Please return every record exactly as written, leaving out the pictures.

Records from a data collection:
= Beginning of Section =

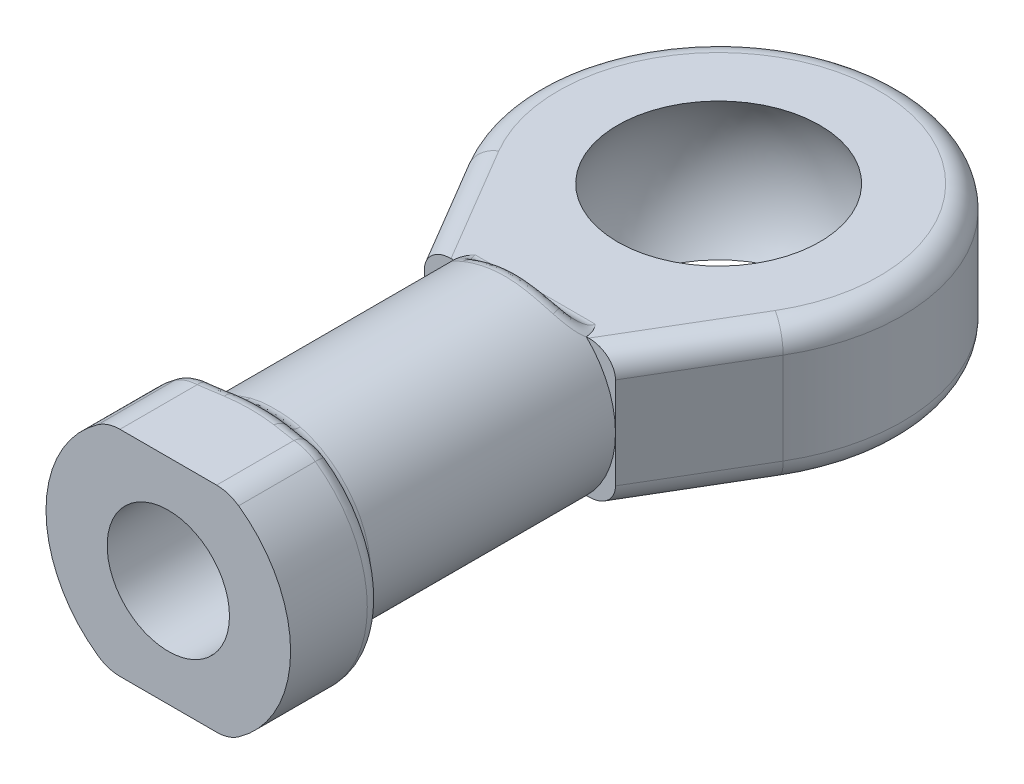
SolidWorks part; units mm, degrees
ref_plane "Front Plane" through (0, 0, 0) normal (0, 0, 1) x (1, 0, 0)
ref_plane "Top Plane" through (0, 0, 0) normal (0, 1, 0) x (1, 0, 0)
ref_plane "Right Plane" through (0, 0, 0) normal (1, 0, 0) x (0, 0, -1)
sketch "Sketch1" plane through (0, 0, 0) normal (0, 1, 0) x (1, 0, 0)
  circle A0 centre (0, 0) radius 12
  dimension "D1" = 24
extrude "Boss-Extrude1" add sketch "Sketch1" along normal blind 9
ref_plane "Plane1" through (0, 4.5, 0) normal (0, 1, 0) x (1, 0, 0)
sketch "Sketch2" plane through (0, 4.5, 0) normal (0, 1, 0) x (1, 0, 0)
  line L0 (-8, 0) -> (8, 0)
  arc A0 (8, 0) -> (-8, 0) centre (0, 0) ccw
  dimension "D1" = 16
revolve "Cut-Revolve1" cut sketch "Sketch2" angle 360 about L0
sketch "Sketch3" plane through (0, 9, 0) normal (0, 1, 0) x (1, 0, 0)
  line L0 (0, -12) -> (0, -36)
  line L3 (-6.25, -36) -> (6.25, -36)
  line L4 (-6.25, -10.2439) -> (-6.25, -36)
  line L7 (6.25, -10.2439) -> (6.25, -36)
  circle A0 centre (0, 0) radius 12 construction
  arc A1 (-6.25, -10.2439) -> (6.25, -10.2439) centre (0, 0) ccw
  circle M3 centre (0, 0) radius 12
extrude "Boss-Extrude2" add sketch "Sketch3" against normal blind 9 contours L7 L0 L3 M3 | L4 L3 L0 M3 region at (3.1616, 9, 23.711) region at (-3.1616, 9, 23.711)
sketch "Sketch4" plane through (0, 9, 0) normal (0, 1, 0) x (1, 0, 0)
  line L1 (6.25, -10.2439) -> (6.25, -36) construction
  line L2 (6.25, -13) -> (-6.25, -13)
  line L3 (-6.25, -10.2439) -> (-6.25, -36) construction
  line L4 (10.3267, -6.1121) -> (6.25, -13)
  line L5 (-10.3267, -6.1121) -> (-6.25, -13)
  line L9 (-6.25, -10.2439) -> (-6.25, -36)
  line L10 (-6.25, -36) -> (6.25, -36)
  line L11 (6.25, -36) -> (6.25, -10.2439)
  line L12 (-6.25, -10.2439) -> (-6.25, -13)
  line L13 (-6.25, -36) -> (6.25, -36)
  line L14 (6.25, -13) -> (6.25, -10.2439)
  arc A0 (6.25, -10.2439) -> (-6.25, -10.2439) centre (0, 0) ccw construction
  arc A1 (-10.3267, -6.1121) -> (-6.25, -10.2439) centre (0, 0) ccw
  arc A2 (6.25, -10.2439) -> (-6.25, -10.2439) centre (0, 0) ccw
  arc A3 (6.25, -10.2439) -> (10.3267, -6.1121) centre (0, 0) ccw
  arc M7 (6.25, -10.2439) -> (-6.25, -10.2439) centre (0, 0) ccw
  line M8 (-6.25, -10.2439) -> (-6.25, -36)
  line M10 (6.25, -36) -> (6.25, -10.2439)
  dimension "D2" = 0
extrude "Boss-Extrude3" add sketch "Sketch4" against normal blind 9 contours L4 M7 M10 | L5 M7 M8 region at (7.3539, 9, 10.2774) region at (-7.3539, 9, 10.2774)
sketch "Sketch5" plane through (0, 0, 36) normal (0, 0, 1) x (1, 0, 0)
  line L0 (0, 9) -> (0, 0)
  line L1 (-6.25, 9) -> (6.25, 9) construction
  line L6 (6.25, 9) -> (-6.25, 9)
  line L7 (-6.25, 9) -> (-6.25, 0)
  line L8 (-6.25, 0) -> (6.25, 0)
  line L9 (6.25, 0) -> (6.25, 9)
  line L10 (6.25, 9) -> (-6.25, 9)
  line L11 (-6.25, 9) -> (-6.25, 0)
  line L12 (-6.25, 0) -> (6.25, 0)
  line L13 (6.25, 0) -> (6.25, 9)
  circle A0 centre (0, 4.5) radius 6.25
  line M1 (6.25, 9) -> (-6.25, 9)
  line M2 (-6.25, 9) -> (-6.25, 0)
  line M3 (-6.25, 0) -> (6.25, 0)
  line M4 (6.25, 0) -> (6.25, 9)
  dimension "D1" = 0
extrude "Cut-Extrude1" cut sketch "Sketch5" against normal blind 23 contours A0 L13 M1 | A0 L10 M2 | A0 L11 M3 | A0 L12 M4 region at (5.6952, 7.9123, 36) region at (-5.6952, 7.9123, 36) region at (-5.6952, 1.0877, 36) region at (5.6952, 1.0877, 36)
sketch "Sketch6" plane through (0, 0, 36) normal (0, 0, 1) x (1, 0, 0)
  circle A0 centre (0, 4.5) radius 6.25
extrude "Boss-Extrude4" add sketch "Sketch6" against normal blind 23
sketch "Sketch7" plane through (0, 0, 36) normal (0, 0, 1) x (1, 0, 0)
  circle A0 centre (0, 4.5) radius 8
  dimension "D1" = 16
extrude "Boss-Extrude6" add sketch "Sketch7" against normal blind 6
sketch "Sketch8" plane through (0, 0, 36) normal (0, 0, 1) x (1, 0, 0)
  line L0 (8, 4.5) -> (-8, 4.5)
  line L1 (0, 4.5) -> (0, 11.5)
  line L2 (0, 4.5) -> (0, -2.5)
  line L3 (0, -2.5) -> (8, -2.5)
  line L4 (8, -2.5) -> (-6.1281, -2.5)
  line L5 (0, 11.5) -> (7.3725, 11.5)
  line L6 (7.3725, 11.5) -> (-8, 11.5)
  circle A0 centre (0, 4.5) radius 8 construction
  circle A2 centre (0, 4.5) radius 8
  circle A3 centre (0, 4.5) radius 8
  circle M4 centre (0, 4.5) radius 8
  dimension "D1" = 7
  dimension "D2" = 7
  dimension "D3" = 0
extrude "Cut-Extrude3" cut sketch "Sketch8" against normal blind 6 and the other way through all contours L6 L5 M4 | L3 L4 M4 region at (0, 11.9022, 36) region at (0, -2.9022, 36)
fillet "Fillet1" radius 2.5 4 edges at (3.873, -2.5, 33) (-3.873, -2.5, 33) (3.873, 11.5, 33) (-3.873, 11.5, 33)
fillet "Fillet2" radius 1 2 edges at (0, 0, 13) (0, 9, 13)
fillet "Fillet3" radius 1 6 edges at (4.2086, 9.1206, 12.4761) (-3.9892, 9.3113, 12.7251) (-4.2086, -0.1206, 12.4761) (3.9892, -0.3113, 12.7251) (0, 10.75, 13) (0, -1.75, 13)
fillet "Fillet4" radius 1 1 edges at (6.25, 4.5, 30)
fillet "Fillet5" radius 1 10 edges at (-3.9161, 11.3837, 30) (-2.5249, 11.5, 30) (0, 11.5, 30) (2.5249, 11.5, 30) (3.9161, 11.3837, 30) (8, 4.5, 30) (2.5249, -2.5, 30) (0, -2.5, 30) (-2.5249, -2.5, 30) (-8, 4.5, 30)
sketch "Sketch9" plane through (0, 0, 36) normal (0, 0, 1) x (1, 0, 0)
  circle A0 centre (0, 4.5) radius 4
  dimension "D1" = 8
extrude "Cut-Extrude4" cut sketch "Sketch9" against normal blind 23
fillet "Fillet6" radius 1.5 6 edges at (8.2884, 0, 9.5561) (-8.2884, 0, 9.5561) (8.2884, 9, 9.5561) (-8.2884, 9, 9.5561) (0, 0, -12) (0, 9, -12)

= End of Section =

ANSWER SPACE:
SolidWorks part; units mm, degrees
ref_plane "Front Plane" through (0, 0, 0) normal (0, 0, 1) x (1, 0, 0)
ref_plane "Top Plane" through (0, 0, 0) normal (0, 1, 0) x (1, 0, 0)
ref_plane "Right Plane" through (0, 0, 0) normal (1, 0, 0) x (0, 0, -1)
sketch "Sketch1" plane through (0, 0, 0) normal (0, 1, 0) x (1, 0, 0)
  circle A0 centre (0, 0) radius 12
  dimension "D1" = 24
extrude "Boss-Extrude1" add sketch "Sketch1" along normal blind 9
ref_plane "Plane1" through (0, 4.5, 0) normal (0, 1, 0) x (1, 0, 0)
sketch "Sketch2" plane through (0, 4.5, 0) normal (0, 1, 0) x (1, 0, 0)
  line L0 (-8, 0) -> (8, 0)
  arc A0 (8, 0) -> (-8, 0) centre (0, 0) ccw
  dimension "D1" = 16
revolve "Cut-Revolve1" cut sketch "Sketch2" angle 360 about L0
sketch "Sketch3" plane through (0, 9, 0) normal (0, 1, 0) x (1, 0, 0)
  line L0 (0, -12) -> (0, -36)
  line L3 (-6.25, -36) -> (6.25, -36)
  line L4 (-6.25, -10.2439) -> (-6.25, -36)
  line L7 (6.25, -10.2439) -> (6.25, -36)
  circle A0 centre (0, 0) radius 12 construction
  arc A1 (-6.25, -10.2439) -> (6.25, -10.2439) centre (0, 0) ccw
  circle M3 centre (0, 0) radius 12
extrude "Boss-Extrude2" add sketch "Sketch3" against normal blind 9 contours L7 L0 L3 M3 | L4 L3 L0 M3 region at (3.1616, 9, 23.711) region at (-3.1616, 9, 23.711)
sketch "Sketch4" plane through (0, 9, 0) normal (0, 1, 0) x (1, 0, 0)
  line L1 (6.25, -10.2439) -> (6.25, -36) construction
  line L2 (6.25, -13) -> (-6.25, -13)
  line L3 (-6.25, -10.2439) -> (-6.25, -36) construction
  line L4 (10.3267, -6.1121) -> (6.25, -13)
  line L5 (-10.3267, -6.1121) -> (-6.25, -13)
  line L9 (-6.25, -10.2439) -> (-6.25, -36)
  line L10 (-6.25, -36) -> (6.25, -36)
  line L11 (6.25, -36) -> (6.25, -10.2439)
  line L12 (-6.25, -10.2439) -> (-6.25, -13)
  line L13 (-6.25, -36) -> (6.25, -36)
  line L14 (6.25, -13) -> (6.25, -10.2439)
  arc A0 (6.25, -10.2439) -> (-6.25, -10.2439) centre (0, 0) ccw construction
  arc A1 (-10.3267, -6.1121) -> (-6.25, -10.2439) centre (0, 0) ccw
  arc A2 (6.25, -10.2439) -> (-6.25, -10.2439) centre (0, 0) ccw
  arc A3 (6.25, -10.2439) -> (10.3267, -6.1121) centre (0, 0) ccw
  arc M7 (6.25, -10.2439) -> (-6.25, -10.2439) centre (0, 0) ccw
  line M8 (-6.25, -10.2439) -> (-6.25, -36)
  line M10 (6.25, -36) -> (6.25, -10.2439)
  dimension "D2" = 0
extrude "Boss-Extrude3" add sketch "Sketch4" against normal blind 9 contours L4 M7 M10 | L5 M7 M8 region at (7.3539, 9, 10.2774) region at (-7.3539, 9, 10.2774)
sketch "Sketch5" plane through (0, 0, 36) normal (0, 0, 1) x (1, 0, 0)
  line L0 (0, 9) -> (0, 0)
  line L1 (-6.25, 9) -> (6.25, 9) construction
  line L6 (6.25, 9) -> (-6.25, 9)
  line L7 (-6.25, 9) -> (-6.25, 0)
  line L8 (-6.25, 0) -> (6.25, 0)
  line L9 (6.25, 0) -> (6.25, 9)
  line L10 (6.25, 9) -> (-6.25, 9)
  line L11 (-6.25, 9) -> (-6.25, 0)
  line L12 (-6.25, 0) -> (6.25, 0)
  line L13 (6.25, 0) -> (6.25, 9)
  circle A0 centre (0, 4.5) radius 6.25
  line M1 (6.25, 9) -> (-6.25, 9)
  line M2 (-6.25, 9) -> (-6.25, 0)
  line M3 (-6.25, 0) -> (6.25, 0)
  line M4 (6.25, 0) -> (6.25, 9)
  dimension "D1" = 0
extrude "Cut-Extrude1" cut sketch "Sketch5" against normal blind 23 contours A0 L13 M1 | A0 L10 M2 | A0 L11 M3 | A0 L12 M4 region at (5.6952, 7.9123, 36) region at (-5.6952, 7.9123, 36) region at (-5.6952, 1.0877, 36) region at (5.6952, 1.0877, 36)
sketch "Sketch6" plane through (0, 0, 36) normal (0, 0, 1) x (1, 0, 0)
  circle A0 centre (0, 4.5) radius 6.25
extrude "Boss-Extrude4" add sketch "Sketch6" against normal blind 23
sketch "Sketch7" plane through (0, 0, 36) normal (0, 0, 1) x (1, 0, 0)
  circle A0 centre (0, 4.5) radius 8
  dimension "D1" = 16
extrude "Boss-Extrude6" add sketch "Sketch7" against normal blind 6
sketch "Sketch8" plane through (0, 0, 36) normal (0, 0, 1) x (1, 0, 0)
  line L0 (8, 4.5) -> (-8, 4.5)
  line L1 (0, 4.5) -> (0, 11.5)
  line L2 (0, 4.5) -> (0, -2.5)
  line L3 (0, -2.5) -> (8, -2.5)
  line L4 (8, -2.5) -> (-6.1281, -2.5)
  line L5 (0, 11.5) -> (7.3725, 11.5)
  line L6 (7.3725, 11.5) -> (-8, 11.5)
  circle A0 centre (0, 4.5) radius 8 construction
  circle A2 centre (0, 4.5) radius 8
  circle A3 centre (0, 4.5) radius 8
  circle M4 centre (0, 4.5) radius 8
  dimension "D1" = 7
  dimension "D2" = 7
  dimension "D3" = 0
extrude "Cut-Extrude3" cut sketch "Sketch8" against normal blind 6 and the other way through all contours L6 L5 M4 | L3 L4 M4 region at (0, 11.9022, 36) region at (0, -2.9022, 36)
fillet "Fillet1" radius 2.5 4 edges at (3.873, -2.5, 33) (-3.873, -2.5, 33) (3.873, 11.5, 33) (-3.873, 11.5, 33)
fillet "Fillet2" radius 1 2 edges at (0, 0, 13) (0, 9, 13)
fillet "Fillet3" radius 1 6 edges at (4.2086, 9.1206, 12.4761) (-3.9892, 9.3113, 12.7251) (-4.2086, -0.1206, 12.4761) (3.9892, -0.3113, 12.7251) (0, 10.75, 13) (0, -1.75, 13)
fillet "Fillet4" radius 1 1 edges at (6.25, 4.5, 30)
fillet "Fillet5" radius 1 10 edges at (-3.9161, 11.3837, 30) (-2.5249, 11.5, 30) (0, 11.5, 30) (2.5249, 11.5, 30) (3.9161, 11.3837, 30) (8, 4.5, 30) (2.5249, -2.5, 30) (0, -2.5, 30) (-2.5249, -2.5, 30) (-8, 4.5, 30)
sketch "Sketch9" plane through (0, 0, 36) normal (0, 0, 1) x (1, 0, 0)
  circle A0 centre (0, 4.5) radius 4
  dimension "D1" = 8
extrude "Cut-Extrude4" cut sketch "Sketch9" against normal blind 23
fillet "Fillet6" radius 1.5 6 edges at (8.2884, 0, 9.5561) (-8.2884, 0, 9.5561) (8.2884, 9, 9.5561) (-8.2884, 9, 9.5561) (0, 0, -12) (0, 9, -12)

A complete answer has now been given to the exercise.